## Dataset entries
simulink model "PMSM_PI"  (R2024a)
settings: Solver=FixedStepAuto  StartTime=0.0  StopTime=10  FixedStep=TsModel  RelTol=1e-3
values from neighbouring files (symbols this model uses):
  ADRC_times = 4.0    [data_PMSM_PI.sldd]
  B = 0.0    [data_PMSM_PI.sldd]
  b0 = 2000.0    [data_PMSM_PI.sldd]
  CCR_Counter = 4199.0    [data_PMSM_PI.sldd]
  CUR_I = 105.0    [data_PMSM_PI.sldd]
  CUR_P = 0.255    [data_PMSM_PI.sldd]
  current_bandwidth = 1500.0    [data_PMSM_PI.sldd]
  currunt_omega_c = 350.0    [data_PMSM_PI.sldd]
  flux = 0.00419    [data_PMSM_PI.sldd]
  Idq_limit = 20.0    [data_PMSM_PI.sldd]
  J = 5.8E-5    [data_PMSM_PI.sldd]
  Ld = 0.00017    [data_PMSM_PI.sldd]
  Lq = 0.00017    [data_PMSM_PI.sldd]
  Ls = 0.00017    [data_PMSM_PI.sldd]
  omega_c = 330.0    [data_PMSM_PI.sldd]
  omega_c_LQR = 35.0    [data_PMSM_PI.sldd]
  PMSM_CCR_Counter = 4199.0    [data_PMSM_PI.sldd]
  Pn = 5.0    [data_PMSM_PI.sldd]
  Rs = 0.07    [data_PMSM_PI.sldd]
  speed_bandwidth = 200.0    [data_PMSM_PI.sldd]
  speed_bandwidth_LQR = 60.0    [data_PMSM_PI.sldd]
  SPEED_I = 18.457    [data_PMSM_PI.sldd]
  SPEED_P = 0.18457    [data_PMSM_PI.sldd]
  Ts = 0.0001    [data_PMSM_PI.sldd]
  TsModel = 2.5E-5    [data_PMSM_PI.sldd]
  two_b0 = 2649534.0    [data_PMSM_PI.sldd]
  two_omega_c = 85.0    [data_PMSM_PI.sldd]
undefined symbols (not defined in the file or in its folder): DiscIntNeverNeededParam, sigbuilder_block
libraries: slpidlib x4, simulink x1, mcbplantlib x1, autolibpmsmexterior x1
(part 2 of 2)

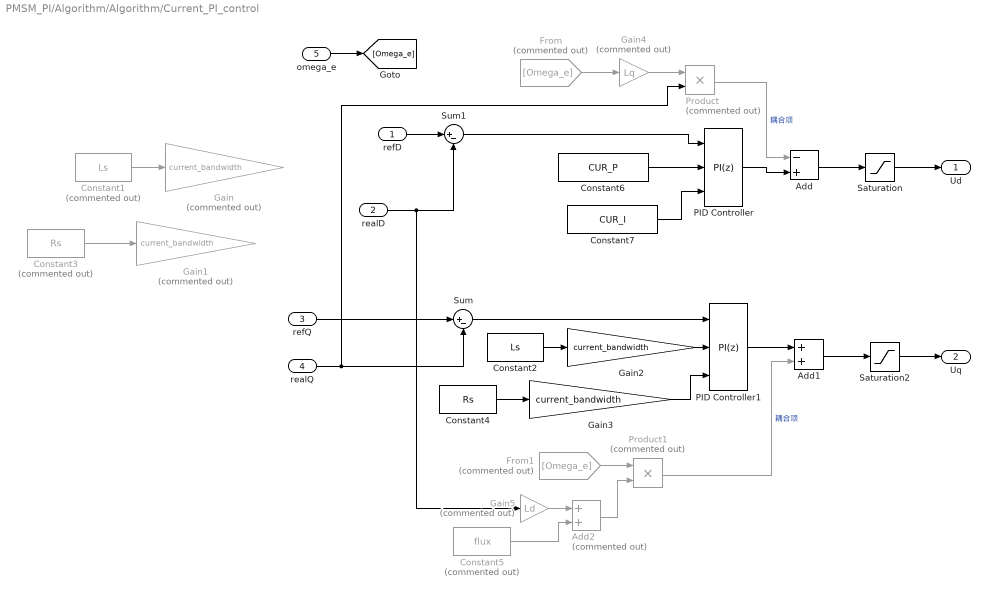
== system PMSM_PI/Algorithm/Algorithm/Current_PI_control ==
  refD : Inport  OutDataTypeStr=single
  realD : Inport  Port=2  OutDataTypeStr=single
  refQ : Inport  Port=3  OutDataTypeStr=single
  realQ : Inport  Port=4  OutDataTypeStr=single
  omega_e : Inport  Port=5  OutDataTypeStr=single
  Add : Sum  Inputs=-+  OutDataTypeStr=single
  Add1 : Sum  OutDataTypeStr=single
  Add2 : Sum  Commented=on  OutDataTypeStr=single
  Constant1 : Constant  Commented=on  Value=Ls  OutDataTypeStr=single  SampleTime=Ts
  Constant2 : Constant  Value=Ls  OutDataTypeStr=single  SampleTime=Ts
  Constant3 : Constant  Commented=on  Value=Rs  OutDataTypeStr=single  SampleTime=Ts
  Constant4 : Constant  Value=Rs  OutDataTypeStr=single  SampleTime=Ts
  Constant5 : Constant  Commented=on  Value=flux  OutDataTypeStr=single  SampleTime=Ts
  Constant6 : Constant  Value=CUR_P  OutDataTypeStr=single  SampleTime=Ts
  Constant7 : Constant  Value=CUR_I  OutDataTypeStr=single  SampleTime=Ts
  From : From  Commented=on  GotoTag=Omega_e
  From1 : From  Commented=on  GotoTag=Omega_e
  Gain : Gain  Commented=on  Gain=current_bandwidth  OutDataTypeStr=single
  Gain1 : Gain  Commented=on  Gain=current_bandwidth  OutDataTypeStr=single
  Gain2 : Gain  Gain=current_bandwidth  OutDataTypeStr=single
  Gain3 : Gain  Gain=current_bandwidth  OutDataTypeStr=single
  Gain4 : Gain  Commented=on  Gain=Lq  OutDataTypeStr=single
  Gain5 : Gain  Commented=on  Gain=Ld  OutDataTypeStr=single
  PID Controller : slpidlib/PID Controller  Controller=PI  Form=Parallel  TimeDomain=Discrete-time  UseExternalTs=off  SampleTime=Ts  IntegratorMethod=Forward Euler  FilterMethod=Forward Euler  ControllerParametersSource=external  P=1  I=1  UseKiTs=off  D=0  UseExternalDerivativeSource=off  N=100  UseFilter=on  TunerSelectOption=Transfer Function Based (PID Tuner App)  ZeroCross=off  InitialConditionSource=internal  InitialConditionForIntegrator=1  InitialConditionForFilter=0  DifferentiatorICPrevScaledInput=0  ExternalReset=none  TrackingMode=off  Kt=1  LimitOutput=off  SatLimitsSource=internal  UpperSaturationLimit=200  LowerSaturationLimit=-200  LinearizeAsGain=on  AntiWindupMode=none  Kb=1  LimitIntegrator=off  UpperIntegratorSaturationLimit=inf  LowerIntegratorSaturationLimit=-inf  POutMin=[]  POutMax=[]  IOutMin=[]  IOutMax=[]  DOutMin=[]  DOutMax=[]  NOutMin=[]  NOutMax=[]  SumOutMin=[]  SumOutMax=[]  SaturationOutMin=[]  SaturationOutMax=[]  PParamMin=[]  PParamMax=[]  IParamMin=[]  IParamMax=[]  DParamMin=[]  DParamMax=[]  NParamMin=[]  NParamMax=[]  KbParamMin=[]  KbParamMax=[]  KtParamMin=[]  KtParamMax=[]  KbOutMin=[]  KbOutMax=[]  KtOutMin=[]  KtOutMax=[]  IntegratorOutMin=[]  IntegratorOutMax=[]  FilterOutMin=[]  FilterOutMax=[]  SumI1OutMin=[]  SumI1OutMax=[]  SumI2OutMin=[]  SumI2OutMax=[]  SumI3OutMin=[]  SumI3OutMax=[]  SumI4OutMin=[]  SumI4OutMax=[]  SumDOutMin=[]  SumDOutMax=[]  DifferentiatorOutMin=[]  DifferentiatorOutMax=[]  FilterDiffOutCoefMin=[]  FilterDiffOutCoefMax=[]  ReciprocalOutMin=[]  ReciprocalOutMax=[]  SumDenOutMin=[]  SumDenOutMax=[]  SumNumOutMin=[]  SumNumOutMax=[]  DivideOutMin=[]  DivideOutMax=[]  UdiffTsProdOutMin=[]  UdiffTsProdOutMax=[]  NTsProdOutMin=[]  NTsProdOutMax=[]  UintegralTsProdOutMin=[]  UintegralTsProdOutMax=[]  UngainTsProdOutMin=[]  UngainTsProdOutMax=[]  ClampingZeroOutDataTypeStr=Inherit: Inherit via back propagation  ClampingZeroOutMin=[]  ClampingZeroOutMax=[]  FilterDenConstantOutDataTypeStr=Inherit: Inherit via back propagation  FilterDenConstantOutMin=[]  FilterDenConstantOutMax=[]  PCopyOutDataTypeStr=Inherit: Inherit via back propagation  PCopyOutMin=[]  PCopyOutMax=[]  NCopyOutDataTypeStr=Inherit: Inherit via back propagation  NCopyOutMin=[]  NCopyOutMax=[]  IntegratorContinuousStateAttributes=''  IntegratorStateMustResolveToSignalObject=off  IntegratorRTWStateStorageClass=Auto  FilterContinuousStateAttributes=''  FilterStateMustResolveToSignalObject=off  FilterRTWStateStorageClass=Auto  ParallelPVariant=ExternalParameters  IdealPVariant=Disabled  IVariant=ExternalParameters  DVariant=Disabled  IntegratorVariant=Discrete  SatVariant=Disabled  AWVariant=Passthrough  PCopyVariant=Disabled  TRVariant=Disabled  FdbkBlocksVariant=Forward  IdealPFdbkVariant=Disabled  SatFdbkVariant=Disabled  DerivativeFilterVariant=Disabled  NVariant=Disabled  NCopyVariant=Disabled_SignalSpec  FilterICVariant=Disabled  IntegratorICVariant=InternalICs  ExternalResetVariant=Disabled  TRSumVariant=Passthrough  SumFdbkVariant=Disabled  SumVariant=Sum_PI  TsampFilterVariant=InternalTs  TsampNgainVariant=Passthrough  TsampIntegralVariant=Disabled_SignalSpec  ExternalSaturationOutDataTypeStr=Inherit: Same as second input  DerivativeSourceVariant=Disabled
  PID Controller1 : slpidlib/PID Controller  Controller=PI  Form=Parallel  TimeDomain=Discrete-time  UseExternalTs=off  SampleTime=Ts  IntegratorMethod=Forward Euler  FilterMethod=Forward Euler  ControllerParametersSource=external  P=1  I=1  UseKiTs=off  D=0  UseExternalDerivativeSource=off  N=100  UseFilter=on  TunerSelectOption=Transfer Function Based (PID Tuner App)  ZeroCross=off  InitialConditionSource=internal  InitialConditionForIntegrator=1  InitialConditionForFilter=0  DifferentiatorICPrevScaledInput=0  ExternalReset=none  TrackingMode=off  Kt=1  LimitOutput=off  SatLimitsSource=internal  UpperSaturationLimit=200  LowerSaturationLimit=-200  LinearizeAsGain=on  AntiWindupMode=none  Kb=1  LimitIntegrator=off  UpperIntegratorSaturationLimit=inf  LowerIntegratorSaturationLimit=-inf  POutMin=[]  POutMax=[]  IOutMin=[]  IOutMax=[]  DOutMin=[]  DOutMax=[]  NOutMin=[]  NOutMax=[]  SumOutMin=[]  SumOutMax=[]  SaturationOutMin=[]  SaturationOutMax=[]  PParamMin=[]  PParamMax=[]  IParamMin=[]  IParamMax=[]  DParamMin=[]  DParamMax=[]  NParamMin=[]  NParamMax=[]  KbParamMin=[]  KbParamMax=[]  KtParamMin=[]  KtParamMax=[]  KbOutMin=[]  KbOutMax=[]  KtOutMin=[]  KtOutMax=[]  IntegratorOutMin=[]  IntegratorOutMax=[]  FilterOutMin=[]  FilterOutMax=[]  SumI1OutMin=[]  SumI1OutMax=[]  SumI2OutMin=[]  SumI2OutMax=[]  SumI3OutMin=[]  SumI3OutMax=[]  SumI4OutMin=[]  SumI4OutMax=[]  SumDOutMin=[]  SumDOutMax=[]  DifferentiatorOutMin=[]  DifferentiatorOutMax=[]  FilterDiffOutCoefMin=[]  FilterDiffOutCoefMax=[]  ReciprocalOutMin=[]  ReciprocalOutMax=[]  SumDenOutMin=[]  SumDenOutMax=[]  SumNumOutMin=[]  SumNumOutMax=[]  DivideOutMin=[]  DivideOutMax=[]  UdiffTsProdOutMin=[]  UdiffTsProdOutMax=[]  NTsProdOutMin=[]  NTsProdOutMax=[]  UintegralTsProdOutMin=[]  UintegralTsProdOutMax=[]  UngainTsProdOutMin=[]  UngainTsProdOutMax=[]  ClampingZeroOutDataTypeStr=Inherit: Inherit via back propagation  ClampingZeroOutMin=[]  ClampingZeroOutMax=[]  FilterDenConstantOutDataTypeStr=Inherit: Inherit via back propagation  FilterDenConstantOutMin=[]  FilterDenConstantOutMax=[]  PCopyOutDataTypeStr=Inherit: Inherit via back propagation  PCopyOutMin=[]  PCopyOutMax=[]  NCopyOutDataTypeStr=Inherit: Inherit via back propagation  NCopyOutMin=[]  NCopyOutMax=[]  IntegratorContinuousStateAttributes=''  IntegratorStateMustResolveToSignalObject=off  IntegratorRTWStateStorageClass=Auto  FilterContinuousStateAttributes=''  FilterStateMustResolveToSignalObject=off  FilterRTWStateStorageClass=Auto  ParallelPVariant=ExternalParameters  IdealPVariant=Disabled  IVariant=ExternalParameters  DVariant=Disabled  IntegratorVariant=Discrete  SatVariant=Disabled  AWVariant=Passthrough  PCopyVariant=Disabled  TRVariant=Disabled  FdbkBlocksVariant=Forward  IdealPFdbkVariant=Disabled  SatFdbkVariant=Disabled  DerivativeFilterVariant=Disabled  NVariant=Disabled  NCopyVariant=Disabled_SignalSpec  FilterICVariant=Disabled  IntegratorICVariant=InternalICs  ExternalResetVariant=Disabled  TRSumVariant=Passthrough  SumFdbkVariant=Disabled  SumVariant=Sum_PI  TsampFilterVariant=InternalTs  TsampNgainVariant=Passthrough  TsampIntegralVariant=Disabled_SignalSpec  ExternalSaturationOutDataTypeStr=Inherit: Same as second input  DerivativeSourceVariant=Disabled
  Product : Product  Commented=on  OutDataTypeStr=single
  Product1 : Product  Commented=on  OutDataTypeStr=single
  Saturation : Saturate  UpperLimit=Idq_limit  LowerLimit=-Idq_limit  OutDataTypeStr=single
  Saturation2 : Saturate  UpperLimit=Idq_limit  LowerLimit=-Idq_limit  OutDataTypeStr=single
  Sum : Sum  Inputs=|+-  OutDataTypeStr=single
  Sum1 : Sum  Inputs=|+-  OutDataTypeStr=single
  Ud : Outport  OutDataTypeStr=single
  Uq : Outport  Port=2  OutDataTypeStr=single
  wires:
  realD/1 -> Gain5/1, Sum1/2
  realQ/1 -> Product/2, Sum/2
  Add1/1 -> Saturation2/1
  Saturation/1 -> Ud/1
  Sum/1 -> PID Controller1/1
  Sum1/1 -> PID Controller/1
  refD/1 -> Sum1/1
  refQ/1 -> Sum/1
  Constant2/1 -> Gain2/1
  Gain3/1 -> PID Controller1/3
  Gain2/1 -> PID Controller1/2
  Constant1/1 -> Gain/1
  Constant4/1 -> Gain3/1
  Constant3/1 -> Gain1/1
  PID Controller/1 -> Add/2
  Add/1 -> Saturation/1
  omega_e/1 -> [Omega_e]
  From/1 -> Gain4/1
  Gain4/1 -> Product/1
  Product/1 -> Add/1  "耦合项"
  PID Controller1/1 -> Add1/1
  From1/1 -> Product1/1
  Gain5/1 -> Add2/1
  Constant5/1 -> Add2/2
  Add2/1 -> Product1/2
  Product1/1 -> Add1/2  "耦合项"
  Saturation2/1 -> Uq/1
  Constant6/1 -> PID Controller/2
  Constant7/1 -> PID Controller/3

== system PMSM_PI/Algorithm/Algorithm/Currunt_LADRC_Control ==
  Id_ref : Inport
  Id_real : Inport  Port=2
  Iq_ref : Inport  Port=3
  Iq_real : Inport  Port=4
  omega_e : Inport  Port=5
  Add3 : Sum  Inputs=-+  OutDataTypeStr=single
  Add4 : Sum  OutDataTypeStr=single
  Add5 : Sum  Commented=on  OutDataTypeStr=single
  Constant6 : Constant  Commented=on  Value=flux  OutDataTypeStr=single  SampleTime=Ts
  From12 : From  Commented=on  GotoTag=Omega_e
  From13 : From  Commented=on  GotoTag=Omega_e
  Gain6 : Gain  Commented=on  Gain=Lq  OutDataTypeStr=single
  Gain7 : Gain  Commented=on  Gain=Ld  OutDataTypeStr=single
  Id_Currunt_LADRC_Control : Subsystem
  Iq_Currunt_LADRC_Control : Subsystem
  Product2 : Product  Commented=on  OutDataTypeStr=single
  Product3 : Product  Commented=on  OutDataTypeStr=single
  Saturation1 : Saturate  UpperLimit=Idq_limit  LowerLimit=-Idq_limit  OutDataTypeStr=single
  Saturation3 : Saturate  UpperLimit=Idq_limit  LowerLimit=-Idq_limit  OutDataTypeStr=single
  ud_Ref : Outport
  uq_Ref : Outport  Port=2
  wires:
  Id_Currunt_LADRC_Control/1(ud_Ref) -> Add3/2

## Problem statement
All that is wanted is a faithful reproduction of the line above with "Constant1 : Constant", the line with "Constant4 : Constant", and every line in between.

## Finished exercise
  Constant1 : Constant  Commented=on  Value=Ls  OutDataTypeStr=single  SampleTime=Ts
  Constant2 : Constant  Value=Ls  OutDataTypeStr=single  SampleTime=Ts
  Constant3 : Constant  Commented=on  Value=Rs  OutDataTypeStr=single  SampleTime=Ts
  Constant4 : Constant  Value=Rs  OutDataTypeStr=single  SampleTime=Ts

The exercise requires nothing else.